Levi Rybalov

2024 - Present

I started a company now called Arkhai, which creates building blocks for the machine economy.

Problem

The future of commerce is agentic, but our marketplaces are built for humans. An economy where the primary buying and selling choices are made by agents requires a rethinking of how discovery, market-making, settlement, and negotiation will occur.

Solution

Building blocks to create different kinds marketplaces easily. This saves time and effort for creating marketplaces.

This is decentralized finance; it differs from traditional "DeFi" in that we do not default to using use automated market makers, auctions, or solvers, and instead focus on mass-scale bilateral and multilateral negotiation for market-making as the starting point.

2022 - 2023

Worked on some cool crypto stuff, including protocols to improve incentives in academic environments using prediction markets, the economics of long-term data storage, and mechanism design for distributed computing. The most interesting work was in the game theory of optimistic verification at Protocol Labs.

Research

Problem: in a two-sided marketplace for compute, how can the buyer/outsourcing party be convinced that the seller behaved honestly and returned the correct result, and where the only tool available to check whether the solution is correct is to redo the computation (under the assumption of reproducibility)?

The existing literature on the problem did not address real-world conditions - almost all of the existing research relied on analytic solutions to find the desirable equilibria and so on, but the underlying issue is that it made assumptions that didn't hold in the real world, meaning the mathematical guarantees they provided would break down in the real world.

I proposed a more empirical framework [14], akin to game-theoretic white-hat hacking, where agents are trained using multi-agent reinforcement learning to maximize their utilities in these environments, and then testing various anti-cheating mechanisms to see which of them were robust enough [23] [24].

2017 - 2021

In the summer of 2017 I discovered BOINC and Gridcoin. The former is a distributed computing platform that grew out of SETI@home, and which connected scientists requiring massive embarrassingly parallel compute resources with volunteers who had idle computing resources. Gridcoin was a cryptocurrency that rewarded contributions to scientific computing projects like SETI@home, BOINC, and Folding@home. I became really interested in its reward structure and started doing independent research in mechanism design for distributed computing [3] [4] [5].

Research

How to design a "get out what you put in"-style reward rule for scientific computing projects considering almost any kind of computation using almost any subset of almost any kind of computer. Similar to Bitcoin's reward mechanism, except replacing the proof-of-work puzzle with scientific computations.

I discovered a generalization of Bitcoin's proportional allocation rule [12] to highly heterogeneous hardware and software environments [6]. The reward mechanism used a compute index over the theoretical maximum output of the network of machines on every different type of task distributed on the network. The core algorithm incentivizes using hardware in the manner which maximizes useful work done relative to the capabilities of the rest of the network, and is intrinsically related to the energy consumption of the machines on the network.

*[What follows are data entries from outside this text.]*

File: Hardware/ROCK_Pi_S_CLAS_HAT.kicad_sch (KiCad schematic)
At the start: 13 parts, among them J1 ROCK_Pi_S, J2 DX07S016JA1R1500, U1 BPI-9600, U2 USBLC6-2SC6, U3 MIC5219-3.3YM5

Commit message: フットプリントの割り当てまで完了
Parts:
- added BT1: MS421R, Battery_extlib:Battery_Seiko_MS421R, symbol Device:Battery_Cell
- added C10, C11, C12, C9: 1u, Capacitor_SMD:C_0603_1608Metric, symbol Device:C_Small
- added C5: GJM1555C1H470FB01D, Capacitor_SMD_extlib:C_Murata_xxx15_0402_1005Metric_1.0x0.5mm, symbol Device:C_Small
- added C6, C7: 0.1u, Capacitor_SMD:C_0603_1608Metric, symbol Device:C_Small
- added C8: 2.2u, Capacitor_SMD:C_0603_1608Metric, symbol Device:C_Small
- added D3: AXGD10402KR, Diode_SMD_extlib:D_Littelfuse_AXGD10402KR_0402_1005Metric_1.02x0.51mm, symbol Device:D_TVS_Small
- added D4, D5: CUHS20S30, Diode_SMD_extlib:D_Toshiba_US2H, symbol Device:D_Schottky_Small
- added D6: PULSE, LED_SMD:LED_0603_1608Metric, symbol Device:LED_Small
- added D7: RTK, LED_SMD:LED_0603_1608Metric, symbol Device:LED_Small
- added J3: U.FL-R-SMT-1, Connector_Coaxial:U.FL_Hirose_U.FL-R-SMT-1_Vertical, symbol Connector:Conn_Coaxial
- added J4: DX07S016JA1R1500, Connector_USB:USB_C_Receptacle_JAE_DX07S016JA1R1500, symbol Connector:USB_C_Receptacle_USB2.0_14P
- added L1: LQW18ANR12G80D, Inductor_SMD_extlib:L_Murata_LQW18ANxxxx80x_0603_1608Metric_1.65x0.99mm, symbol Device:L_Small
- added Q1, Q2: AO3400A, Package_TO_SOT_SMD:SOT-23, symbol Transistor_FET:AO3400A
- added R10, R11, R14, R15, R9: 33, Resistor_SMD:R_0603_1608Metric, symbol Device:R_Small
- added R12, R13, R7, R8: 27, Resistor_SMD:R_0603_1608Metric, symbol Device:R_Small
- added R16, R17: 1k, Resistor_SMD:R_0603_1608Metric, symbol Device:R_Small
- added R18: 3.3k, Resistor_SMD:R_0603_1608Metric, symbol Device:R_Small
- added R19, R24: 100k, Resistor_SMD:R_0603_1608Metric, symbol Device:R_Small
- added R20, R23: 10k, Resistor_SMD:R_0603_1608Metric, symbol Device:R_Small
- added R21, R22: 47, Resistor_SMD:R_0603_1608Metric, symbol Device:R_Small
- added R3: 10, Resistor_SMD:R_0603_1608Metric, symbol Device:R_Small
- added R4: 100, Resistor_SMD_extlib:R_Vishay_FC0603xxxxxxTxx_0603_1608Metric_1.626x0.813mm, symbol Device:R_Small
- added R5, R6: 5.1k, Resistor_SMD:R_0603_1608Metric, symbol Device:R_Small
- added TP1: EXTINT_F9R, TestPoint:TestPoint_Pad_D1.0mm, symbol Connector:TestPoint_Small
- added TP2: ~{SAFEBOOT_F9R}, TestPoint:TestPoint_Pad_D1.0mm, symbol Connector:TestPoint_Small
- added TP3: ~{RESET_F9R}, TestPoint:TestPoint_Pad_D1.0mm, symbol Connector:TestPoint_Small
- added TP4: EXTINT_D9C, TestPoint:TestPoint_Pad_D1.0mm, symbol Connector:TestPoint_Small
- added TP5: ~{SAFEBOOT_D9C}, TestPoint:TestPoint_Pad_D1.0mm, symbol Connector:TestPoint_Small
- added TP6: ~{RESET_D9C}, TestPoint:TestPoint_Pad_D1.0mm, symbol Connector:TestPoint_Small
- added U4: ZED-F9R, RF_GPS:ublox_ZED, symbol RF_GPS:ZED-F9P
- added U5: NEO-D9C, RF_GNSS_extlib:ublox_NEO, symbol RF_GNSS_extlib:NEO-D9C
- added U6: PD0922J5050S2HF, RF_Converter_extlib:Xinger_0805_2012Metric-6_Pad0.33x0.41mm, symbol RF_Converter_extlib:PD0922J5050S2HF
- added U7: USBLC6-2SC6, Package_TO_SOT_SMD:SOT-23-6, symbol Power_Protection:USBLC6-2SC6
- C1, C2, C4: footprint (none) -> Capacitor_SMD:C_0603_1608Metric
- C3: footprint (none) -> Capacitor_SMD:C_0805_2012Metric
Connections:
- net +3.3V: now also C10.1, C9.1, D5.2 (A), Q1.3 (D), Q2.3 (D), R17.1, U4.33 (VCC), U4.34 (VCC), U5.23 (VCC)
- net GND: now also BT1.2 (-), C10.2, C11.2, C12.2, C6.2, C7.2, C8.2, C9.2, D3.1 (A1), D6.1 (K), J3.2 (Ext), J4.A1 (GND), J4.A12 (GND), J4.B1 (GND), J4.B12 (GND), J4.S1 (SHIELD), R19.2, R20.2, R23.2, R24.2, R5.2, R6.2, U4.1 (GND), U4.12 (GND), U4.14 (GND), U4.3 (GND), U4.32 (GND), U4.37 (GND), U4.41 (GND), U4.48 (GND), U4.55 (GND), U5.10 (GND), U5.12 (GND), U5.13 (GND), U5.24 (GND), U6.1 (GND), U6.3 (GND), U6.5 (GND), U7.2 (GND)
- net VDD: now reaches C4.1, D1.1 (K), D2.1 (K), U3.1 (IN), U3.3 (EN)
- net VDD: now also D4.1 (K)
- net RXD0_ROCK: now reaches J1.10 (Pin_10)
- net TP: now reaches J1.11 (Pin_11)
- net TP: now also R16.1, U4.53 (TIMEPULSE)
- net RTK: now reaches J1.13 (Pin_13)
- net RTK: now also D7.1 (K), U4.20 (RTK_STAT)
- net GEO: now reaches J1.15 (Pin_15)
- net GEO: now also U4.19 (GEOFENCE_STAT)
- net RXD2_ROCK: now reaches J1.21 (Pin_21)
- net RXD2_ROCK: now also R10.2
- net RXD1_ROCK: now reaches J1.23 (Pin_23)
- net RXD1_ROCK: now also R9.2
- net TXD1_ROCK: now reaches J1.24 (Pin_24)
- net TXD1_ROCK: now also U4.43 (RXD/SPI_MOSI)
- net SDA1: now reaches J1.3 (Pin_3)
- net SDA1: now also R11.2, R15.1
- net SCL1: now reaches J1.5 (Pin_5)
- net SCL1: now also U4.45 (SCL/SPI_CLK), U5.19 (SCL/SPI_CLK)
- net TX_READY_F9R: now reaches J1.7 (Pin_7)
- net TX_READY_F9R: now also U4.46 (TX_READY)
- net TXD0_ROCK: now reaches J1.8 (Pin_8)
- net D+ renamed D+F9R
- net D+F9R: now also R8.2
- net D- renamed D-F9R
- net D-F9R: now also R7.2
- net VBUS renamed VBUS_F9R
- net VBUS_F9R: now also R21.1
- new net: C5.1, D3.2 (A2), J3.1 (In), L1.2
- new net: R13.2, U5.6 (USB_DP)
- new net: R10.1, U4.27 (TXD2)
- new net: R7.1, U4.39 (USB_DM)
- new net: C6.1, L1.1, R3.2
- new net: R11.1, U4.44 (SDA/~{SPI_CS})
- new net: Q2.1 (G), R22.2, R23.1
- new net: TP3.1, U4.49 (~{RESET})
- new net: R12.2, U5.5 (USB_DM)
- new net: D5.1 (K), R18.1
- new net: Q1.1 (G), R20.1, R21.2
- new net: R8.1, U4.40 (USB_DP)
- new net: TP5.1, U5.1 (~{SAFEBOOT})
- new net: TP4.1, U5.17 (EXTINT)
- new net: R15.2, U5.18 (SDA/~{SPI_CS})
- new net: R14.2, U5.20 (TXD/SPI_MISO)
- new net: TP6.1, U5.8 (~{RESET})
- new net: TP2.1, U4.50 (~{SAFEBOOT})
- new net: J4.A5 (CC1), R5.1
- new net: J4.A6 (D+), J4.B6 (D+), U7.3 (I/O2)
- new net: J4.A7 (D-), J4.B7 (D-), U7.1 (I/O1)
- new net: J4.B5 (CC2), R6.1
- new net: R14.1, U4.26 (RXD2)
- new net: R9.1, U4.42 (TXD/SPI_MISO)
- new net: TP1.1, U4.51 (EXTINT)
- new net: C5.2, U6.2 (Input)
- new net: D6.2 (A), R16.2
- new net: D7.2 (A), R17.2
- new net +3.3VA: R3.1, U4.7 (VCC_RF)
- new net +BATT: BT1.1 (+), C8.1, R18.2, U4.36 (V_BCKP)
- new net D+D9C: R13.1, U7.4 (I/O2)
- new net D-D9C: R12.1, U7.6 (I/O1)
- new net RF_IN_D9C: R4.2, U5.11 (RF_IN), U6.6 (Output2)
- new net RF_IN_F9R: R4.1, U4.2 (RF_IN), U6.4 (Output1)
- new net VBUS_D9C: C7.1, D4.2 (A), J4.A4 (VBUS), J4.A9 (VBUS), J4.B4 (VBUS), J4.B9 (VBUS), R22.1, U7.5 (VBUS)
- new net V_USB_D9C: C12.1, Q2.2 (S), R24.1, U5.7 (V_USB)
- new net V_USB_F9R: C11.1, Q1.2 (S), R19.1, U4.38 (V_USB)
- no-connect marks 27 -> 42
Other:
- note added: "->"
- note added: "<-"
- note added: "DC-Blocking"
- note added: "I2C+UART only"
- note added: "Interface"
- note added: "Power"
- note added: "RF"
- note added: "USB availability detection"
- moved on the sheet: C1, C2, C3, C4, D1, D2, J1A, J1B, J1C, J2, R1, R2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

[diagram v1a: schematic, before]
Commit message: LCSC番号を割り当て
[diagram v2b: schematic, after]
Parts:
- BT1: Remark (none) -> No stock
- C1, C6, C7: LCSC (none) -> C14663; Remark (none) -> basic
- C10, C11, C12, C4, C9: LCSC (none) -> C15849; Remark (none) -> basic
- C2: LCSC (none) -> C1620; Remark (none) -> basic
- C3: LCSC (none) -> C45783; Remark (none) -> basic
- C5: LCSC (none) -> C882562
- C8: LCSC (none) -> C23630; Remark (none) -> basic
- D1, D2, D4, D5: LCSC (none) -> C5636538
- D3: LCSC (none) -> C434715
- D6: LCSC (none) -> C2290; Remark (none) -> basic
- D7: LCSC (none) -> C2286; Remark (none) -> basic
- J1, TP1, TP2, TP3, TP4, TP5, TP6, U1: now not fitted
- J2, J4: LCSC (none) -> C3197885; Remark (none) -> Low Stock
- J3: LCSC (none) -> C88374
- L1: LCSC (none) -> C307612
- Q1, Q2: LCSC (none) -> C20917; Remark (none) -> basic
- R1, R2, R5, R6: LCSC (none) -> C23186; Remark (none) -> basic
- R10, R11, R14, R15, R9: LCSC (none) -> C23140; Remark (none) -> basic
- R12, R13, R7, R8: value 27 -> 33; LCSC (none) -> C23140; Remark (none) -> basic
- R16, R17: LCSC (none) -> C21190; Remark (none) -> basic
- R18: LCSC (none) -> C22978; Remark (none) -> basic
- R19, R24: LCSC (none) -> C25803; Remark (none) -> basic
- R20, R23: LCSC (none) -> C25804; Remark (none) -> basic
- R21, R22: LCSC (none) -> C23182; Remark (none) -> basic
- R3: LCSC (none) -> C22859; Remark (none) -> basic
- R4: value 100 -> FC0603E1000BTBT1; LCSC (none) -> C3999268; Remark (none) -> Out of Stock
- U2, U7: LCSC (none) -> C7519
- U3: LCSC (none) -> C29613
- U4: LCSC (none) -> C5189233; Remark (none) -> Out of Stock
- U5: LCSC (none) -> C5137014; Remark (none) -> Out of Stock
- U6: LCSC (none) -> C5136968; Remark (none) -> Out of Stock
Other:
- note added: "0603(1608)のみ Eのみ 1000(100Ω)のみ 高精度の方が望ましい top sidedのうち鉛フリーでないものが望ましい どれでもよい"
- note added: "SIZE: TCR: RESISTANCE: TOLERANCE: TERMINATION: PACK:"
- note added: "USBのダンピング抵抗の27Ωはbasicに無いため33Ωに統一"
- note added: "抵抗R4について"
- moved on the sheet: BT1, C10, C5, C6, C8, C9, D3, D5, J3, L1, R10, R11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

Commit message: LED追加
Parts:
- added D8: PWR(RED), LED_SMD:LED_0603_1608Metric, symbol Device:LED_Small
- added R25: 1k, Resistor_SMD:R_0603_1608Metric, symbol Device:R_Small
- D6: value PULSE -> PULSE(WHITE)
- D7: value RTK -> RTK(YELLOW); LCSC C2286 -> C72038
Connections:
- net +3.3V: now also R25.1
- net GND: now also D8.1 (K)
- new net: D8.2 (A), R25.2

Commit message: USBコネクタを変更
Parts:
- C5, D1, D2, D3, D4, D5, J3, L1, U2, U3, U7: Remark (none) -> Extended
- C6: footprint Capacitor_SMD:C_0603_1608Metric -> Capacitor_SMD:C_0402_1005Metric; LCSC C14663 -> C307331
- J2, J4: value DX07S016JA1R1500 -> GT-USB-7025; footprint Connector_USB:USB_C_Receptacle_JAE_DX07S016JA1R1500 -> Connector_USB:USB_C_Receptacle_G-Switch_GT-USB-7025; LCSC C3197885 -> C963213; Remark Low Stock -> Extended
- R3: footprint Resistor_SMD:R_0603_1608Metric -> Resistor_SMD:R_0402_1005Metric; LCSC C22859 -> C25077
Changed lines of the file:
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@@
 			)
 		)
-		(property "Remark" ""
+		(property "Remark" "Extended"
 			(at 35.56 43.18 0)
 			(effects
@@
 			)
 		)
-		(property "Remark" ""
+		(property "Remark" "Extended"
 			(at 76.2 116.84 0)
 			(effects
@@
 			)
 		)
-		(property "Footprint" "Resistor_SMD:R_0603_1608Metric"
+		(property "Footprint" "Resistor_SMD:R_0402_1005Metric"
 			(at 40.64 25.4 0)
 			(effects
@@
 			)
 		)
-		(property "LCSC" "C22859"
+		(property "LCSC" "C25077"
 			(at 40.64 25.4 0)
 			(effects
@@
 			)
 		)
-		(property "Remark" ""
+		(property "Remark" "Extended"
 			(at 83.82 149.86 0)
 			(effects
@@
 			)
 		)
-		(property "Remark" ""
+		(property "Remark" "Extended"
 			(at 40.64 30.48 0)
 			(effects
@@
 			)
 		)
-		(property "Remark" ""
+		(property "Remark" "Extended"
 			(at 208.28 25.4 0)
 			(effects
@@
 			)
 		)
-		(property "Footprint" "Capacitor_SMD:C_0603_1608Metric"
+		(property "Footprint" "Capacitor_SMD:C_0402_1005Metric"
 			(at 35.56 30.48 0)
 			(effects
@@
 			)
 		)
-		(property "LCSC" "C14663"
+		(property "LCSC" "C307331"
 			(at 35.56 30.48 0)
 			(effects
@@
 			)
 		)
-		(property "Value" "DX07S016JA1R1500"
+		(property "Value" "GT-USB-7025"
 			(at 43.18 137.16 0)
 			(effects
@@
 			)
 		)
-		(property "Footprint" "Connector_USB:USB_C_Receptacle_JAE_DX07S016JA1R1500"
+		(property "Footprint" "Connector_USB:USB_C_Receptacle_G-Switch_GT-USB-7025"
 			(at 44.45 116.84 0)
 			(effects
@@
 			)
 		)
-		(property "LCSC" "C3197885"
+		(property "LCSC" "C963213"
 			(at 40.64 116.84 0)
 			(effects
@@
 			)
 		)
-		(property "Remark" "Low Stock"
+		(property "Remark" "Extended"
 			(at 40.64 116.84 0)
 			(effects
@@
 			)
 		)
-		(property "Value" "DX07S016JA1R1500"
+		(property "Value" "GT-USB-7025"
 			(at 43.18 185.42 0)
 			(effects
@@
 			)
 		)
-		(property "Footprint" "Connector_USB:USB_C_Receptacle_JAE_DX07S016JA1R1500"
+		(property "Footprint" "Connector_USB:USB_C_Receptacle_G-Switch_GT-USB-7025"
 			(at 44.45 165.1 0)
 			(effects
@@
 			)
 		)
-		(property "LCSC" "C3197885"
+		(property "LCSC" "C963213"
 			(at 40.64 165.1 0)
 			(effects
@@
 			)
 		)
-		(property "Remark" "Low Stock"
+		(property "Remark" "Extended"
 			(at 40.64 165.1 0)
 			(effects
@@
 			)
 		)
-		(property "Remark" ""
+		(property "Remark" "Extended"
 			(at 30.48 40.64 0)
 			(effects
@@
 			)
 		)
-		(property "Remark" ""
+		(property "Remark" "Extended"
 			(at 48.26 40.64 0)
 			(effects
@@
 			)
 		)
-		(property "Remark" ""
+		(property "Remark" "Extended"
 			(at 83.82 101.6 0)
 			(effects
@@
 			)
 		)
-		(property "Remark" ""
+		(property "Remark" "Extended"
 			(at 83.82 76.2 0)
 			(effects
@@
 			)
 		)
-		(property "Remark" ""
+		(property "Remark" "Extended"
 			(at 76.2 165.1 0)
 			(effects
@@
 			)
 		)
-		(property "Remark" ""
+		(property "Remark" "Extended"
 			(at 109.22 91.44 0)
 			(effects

This involved messing around with GPUs a bit, putting together two GPU servers from scratch (AMD FirePros + 1028 Series from Supermicro for maximing double-precision FLOPS for the cost), bought a milkcrate mining rig, and SBC (Odroid). When I was selling the consumer cards, I also learned how to refurbish GPUs, which was fun. I played around a bit with CUDA/OpenCL, translating the 2D Ising model from CUDA to OpenCL [34].

The good old days

2013 - 2018

At the time my primary motivation was environmentalism. I was in university and majored in physics, chemistry, and math, originally intending to do research in materials science for green tech. I tried out research in the intersection of computer science and environmental engineering, which is how I fell in love with algorithms.

Research

The main topic of my research was how to optimize power plant production on river networks [1] [10] under thermal pollution constraints. Power plants on river networks heat up the water they use for cooling, and that impacts downstream plants, and there are also legal and environmental limits on the temperature the river can reach.

I discovered algorithms that were optimal in the case of linearly adjustable power plant production, and came up with generalizations of the Knapsack problem for the discrete case.

Lessons

Many environmental problems indeed needed better technological solutions, but many of society's problems more generally stem from bad incentive structures.

Other

I did some research in biochemistry, designing algorithms to search for chemical compounds in large databases [11].

In my personal capacity, I became very interested in game theory and its applications in solving human coordination problems in cooperative contexts.